First, let me state the proposition in Hatcher's textbook
(a) If $Y$ is obtained from $X$ by attaching 2-cells as described above, then the inclusion $X\hookrightarrow Y$ induces a surjection $\pi_1(X,x_0)\to\pi_1(Y,x_0)$ whose kernel is $N$. Thus $\pi_1(Y)\simeq\pi_1(X)/N$
Note that $N$ is a normal subgroup of $\pi_1(X,x_0)$ generated by all the loops $\gamma_\alpha\varphi_\alpha\gamma_\alpha^{-1}$. I'm wondering the orientation $\varphi_\alpha$ goes.

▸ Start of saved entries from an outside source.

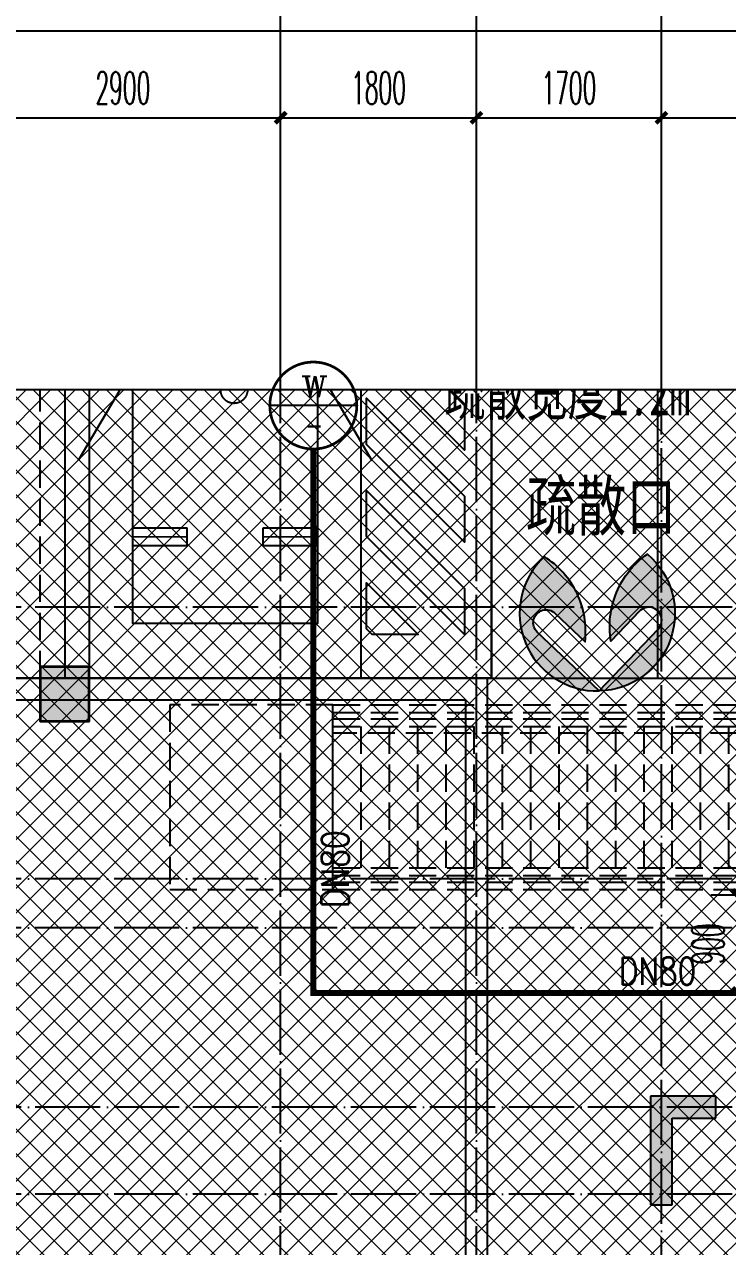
# Model space of a CAD drawing. Extents: x 27938 to 1507990, y 110129 to 923079.
# Drawn here: x 654051 to 660515, y 611550 to 622791 of the extents above; entities that cross this region are included whole.
import ezdxf
from ezdxf.enums import TextEntityAlignment as Align
from ezdxf.xclip import XClip

# ---------------------------------------------------------------- set-up
doc = ezdxf.new("R2010")
doc.units = 0
doc.header["$LTSCALE"] = 1000
doc.header["$MEASUREMENT"] = 0
doc.header["$XCLIPFRAME"] = 0
for name, pattern in [('#P_--_20B1_001_t3$0$DASH', [0.35, 0.25, -0.1]), ('DASH', [0.35, 0.25, -0.1]), ('DOTE', [2.4200000000000004, 2, -0.2, 0.02, -0.2])]:
    doc.linetypes.add(name, pattern=pattern)
for name, color, linetype in [('0-R疏散口', 20, 'Continuous'), ('AXIS', 3, 'Continuous'), ('COLUMN', 9, 'Continuous'), ('DIM_压力废', 3, 'Continuous'), ('DIM_雨水', 4, 'Continuous'), ('DOTE', 1, 'Continuous'), ('HS-A-停车位（标准）', 9, 'Continuous'), ('HS-A-停车场-无障碍', 85, 'Continuous'), ('HS-A-墙-砖', 2, 'Continuous'), ('PIPE-压力废', 31, 'YF'), ('PUB_HATCH', 8, 'Continuous'), ('STAIR', 2, 'Continuous'), ('TEXT_压力废', 7, 'Continuous'), ('人防单元', 7, 'Continuous'), ('疏散口', 20, 'Continuous')]:
    doc.layers.add(name, color=color, linetype=linetype)
doc.layers.add('填充', color=251, linetype='Continuous', lineweight=5)
doc.layers.add('砼柱', color=2, linetype='Continuous', lineweight=35)
doc.styles.add('-宋体', font='', dxfattribs={"width": 0.8})
doc.styles.add('_TCH_DIM_T3', font='SIMPLEX.shx', dxfattribs={"width": 0.4941176470588236, "bigfont": 'GBCBIG.shx'})
doc.styles.add('_TWT_CIRCLE', font='COMPLEX', dxfattribs={"width": 1.1, "height": 3.5, "bigfont": 'HZTXT'})
doc.styles.add('_TWT_PIPEDN', font='SIMPLEX', dxfattribs={"width": 0.8, "height": 3.5, "bigfont": 'HZTXT'})
doc.styles.add('HS_黑', font='simhei.ttf', dxfattribs={"width": 0.7})
doc.styles.get("Standard").update_dxf_attribs({"font": 'gbenor.shx', "bigfont": 'gbcbig.shx'})
doc.styles.get('-宋体').set_extended_font_data('SimSun')
doc.linetypes.add('YF', pattern='A,3,-0.2,["YF",Standard,S=0.25,R=0,X=-0.1,Y=-0.115],-0.35', length=3.55)
doc.dimstyles.new('_TCH_ARCH&&100', dxfattribs={"dimtxt": 297.5, "dimasz": 100, "dimexe": 250, "dimexo": 300, "dimgap": 126.25, "dimtad": 1, "dimdec": 0, "dimzin": 0, "dimdsep": 46, "dimtxsty": '_TCH_DIM_T3', "dimblk": 'ARCHTICK', "dimcen": 0.09, "dimclrt": 4, "dimazin": 2, "dimtfac": 1, "dimtdec": 0, "dimtix": 1, "dimtmove": 2, "dimatfit": 3, "dimfxl": 100, "dimtolj": 1, "dimtzin": 0, "dimarcsym": 0})
doc.dimstyles.new('_TWT_ARCH&&100', dxfattribs={"dimtxt": 297.5, "dimasz": 100, "dimexe": 250, "dimexo": 300, "dimgap": 126.25, "dimtad": 1, "dimdec": 0, "dimzin": 0, "dimdsep": 46, "dimtxsty": '_TCH_DIM_T3', "dimblk": 'ARCHTICK', "dimcen": 0.09, "dimclrt": 7, "dimazin": 2, "dimtfac": 1, "dimtdec": 0, "dimtix": 1, "dimtmove": 2, "dimatfit": 3, "dimfxl": 1, "dimtolj": 1, "dimtzin": 0, "dimarcsym": 0})

# ---------------------------------------------------------------- blocks, each defined once
blk = doc.blocks.new('A$C25A378E3')
at = {"layer": 'HS-A-停车位（标准）', "linetype": 'DASH'}
for p, q in [((299.9288666398497, 4280.200665866025), (299.9276344913524, 4120.200664976728)), ((299.9288666398497, 4280.200665866025), (799.9285807174165, 4280.00894703425)), ((799.9285807174165, 4280.00894703425), (799.9273485837039, 4120.008946264163)), ((1699.929113851395, 4280.193678615266), (1699.927881702897, 4120.19367778569)), ((1699.929113851395, 4280.193678615266), (2199.928827928961, 4280.001959843212)), ((2199.928827928961, 4280.001959843212), (2199.927595795365, 4120.001958953799)), ((299.9282505712472, 4200.200665451237), (799.9279646449722, 4200.00894667895)), ((1699.928497782676, 4200.193678200361), (2199.928211856517, 4200.001959428308)), ((299.9276344913524, 4120.200664976728), (799.9273485837039, 4120.008946264163)), ((1699.927881702897, 4120.19367778569), (2199.927595795365, 4120.001958953799)), ((300.0205537431175, 1700.046125917463), (-199.9740653929766, 2550.049336581258)), ((2200.020893819514, 1700.035927985562), (2700.026429273654, 2550.032717227354))]:
    blk.add_line(p, q, dxfattribs=at)
for points in [[(1.164153218269348e-10, 5499.999999999884), (2499.999999842257, 5499.971898506512), (2499.938176556607, -0.02810114610474557), (-0.06182328553404659, 3.472669050097466e-07)], [(299.9943796824664, 4999.996627852321), (2199.994379562442, 4999.975270717288), (2199.938176575466, -0.02472896687686443), (299.9381766954903, -0.003371831844560802)]]:
    blk.add_lwpolyline(points, close=True, dxfattribs=at)
blk = doc.blocks.new('无障碍车位')
at = {"layer": 'HS-A-停车场-无障碍'}
for p, q in [((-1999.966370833223, 3549.95805993129), (-2499.949424952152, 2699.948046519305)), ((-299.9660310738254, 3549.994108829531), (200.0510692202952, 2700.004122582497)), ((-1999.966370833223, 2549.953937348793), (-2499.949424952152, 1699.943923936924)), ((-299.9660310738254, 2549.989986246917), (200.0510692202952, 1699.999999999884)), ((-1999.921941989567, 1079.803519832552), (-1499.922230551136, 1080.002041477826)), ((-1999.918532912969, 919.8035190157825), (-1999.921941989567, 1079.803519832552)), ((-1499.918821489671, 920.0020406610565), (-1499.922230551136, 1080.002041477826)), ((-799.9216950030532, 1079.82955514791), (-299.9219835650874, 1080.028076793067)), ((-799.9182859263383, 919.8295543311397), (-799.9216950030532, 1079.82955514791)), ((-299.9185745030409, 920.0280759762973), (-299.9219835650874, 1080.028076793067)), ((-1999.920237447601, 999.8035194261465), (-1499.920526024303, 1000.002041067695)), ((-1999.918532912969, 919.8035190157825), (-1499.918821489671, 920.0020406610565)), ((-799.9199904612033, 999.8295547415037), (-299.920279037673, 1000.028076382936)), ((-799.9182859263383, 919.8295543311397), (-299.9185745030409, 920.0280759762973))]:
    blk.add_line(p, q, dxfattribs=at)
for points in [[(1300.000000000582, -299.9998376182048), (1300.000000000582, 5200.000162381679), (-2399.999999939115, 5199.993991851457), (-2399.999999938766, -300.0060081484262)], [(-299.999999939464, 5199.993991850992), (-299.9999999396969, 199.9939918509917), (-1999.99999993958, 199.9939918511081), (-1999.999999939697, 5199.993991850992)], [(100.0000000608852, 5199.999999999069), (1300.000000000233, 5200.000162381679), (1300.000000000349, -299.9998376180883), (100.0000000607688, -300.0000000008149)]]:
    blk.add_lwpolyline(points, close=True, dxfattribs=at)
for points in [[(150.0000000002328, 4394.112549694837), (150.0000000002328, 4799.999999999534), (168.3766184075503, 4799.999999999534), (1050.000000000233, 3918.376618406968), (1050.000000000233, 3494.112549694953), (150.0000000002328, 4394.112549694837)], [(592.640687119565, 4799.999999999534), (1016.90475583158, 4799.999999999418), (1050.000000000466, 4766.904755830765), (1050.000000000233, 4342.640687118634), (592.640687119565, 4799.999999999534)], [(150.0000000001164, 3545.584412270924), (150.0000000002328, 3969.848480983172), (1050.000000000233, 3069.848480982939), (1050.000000000233, 2645.584412271157), (150.0000000001164, 3545.584412270924)], [(150.0000000004657, 2697.05627484736), (150.0000000003492, 3121.320343559142), (1050.000000000466, 2221.320343559142), (1050.000000000233, 1797.056274847244), (150.0000000004657, 2697.05627484736)], [(150.0000000001164, 1848.528137423331), (150.0000000002328, 2272.792206135578), (1050.000000000233, 1372.792206135346), (1050.000000000233, 948.5281374235637), (150.0000000001164, 1848.528137423331)], [(150.0000000004657, 999.9999999997672), (150.0000000002328, 1424.264068711549), (1050.000000000466, 524.2640687114326), (1050.000000000233, 99.99999999965075), (150.0000000004657, 999.9999999997672)], [(150.0000000003492, 151.4718625757378), (150.0000000002328, 575.7359312875196), (625.7359312883345, 99.99999999953434), (201.4718625766691, 99.99999999953434), (150.0000000003492, 151.4718625757378)]]:
    blk.add_lwpolyline(points, dxfattribs=at)
for points in [[(-1645.914368988131, 3073.279146465939, 0.3176989922475349), (-1551.65021979122, 3006.659832141828), (-1207.498265077826, 3006.659832141828), (-1190.383440391626, 2876.659832141595), (-1412.411826837342, 2876.659832141828, 0.9999999999999999), (-1412.411826837226, 2746.659832141944), (-1173.268615705194, 2746.659832141828), (-1154.208266746136, 2601.882108147489, 0.9999999999999997), (-896.4326027601492, 2635.818917904515), (-959.0851750035072, 3111.712451194646, 0.3763733494003915), (-1058.229661162943, 3198.659832141828), (-1524.821601287345, 3198.659832141828), (-1657.687476292718, 3573.861488626804, 1), (-1804.739548971644, 3521.787618779112), (-1645.91436890047, 3073.27914621844)], [(-874.3033266931307, 2774.182281254092, 1.763575196078509), (-1516.949411830516, 3238.659832141944), (-1416.467538945493, 3238.659832141828, -1.66239982742272), (-888.017833360238, 2878.354301649495), (-874.3033266961575, 2774.182281252695)]]:
    blk.add_lwpolyline(points, format="xyb", dxfattribs=at)
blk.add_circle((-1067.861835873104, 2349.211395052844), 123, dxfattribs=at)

Let me just write an example:
If I want to attach single 2-cell to below 1-skeleton...
...like this
Then there are several ways of attaching 2-cell. For example, attaching 2-cell along $aba^{-1}b^{-1}cbc^{-1}$ or $aba^{-1}b^{-1}cb^{-1}c^{-1}$ or $cbc^{-1}aba^{-1}b^{-1}$...etc. Is this attaching orientation(?) matters? I mean even attached orientations are different but still, those spaces are homeomorphic? Or at least the fundamental groups are always isomorphic?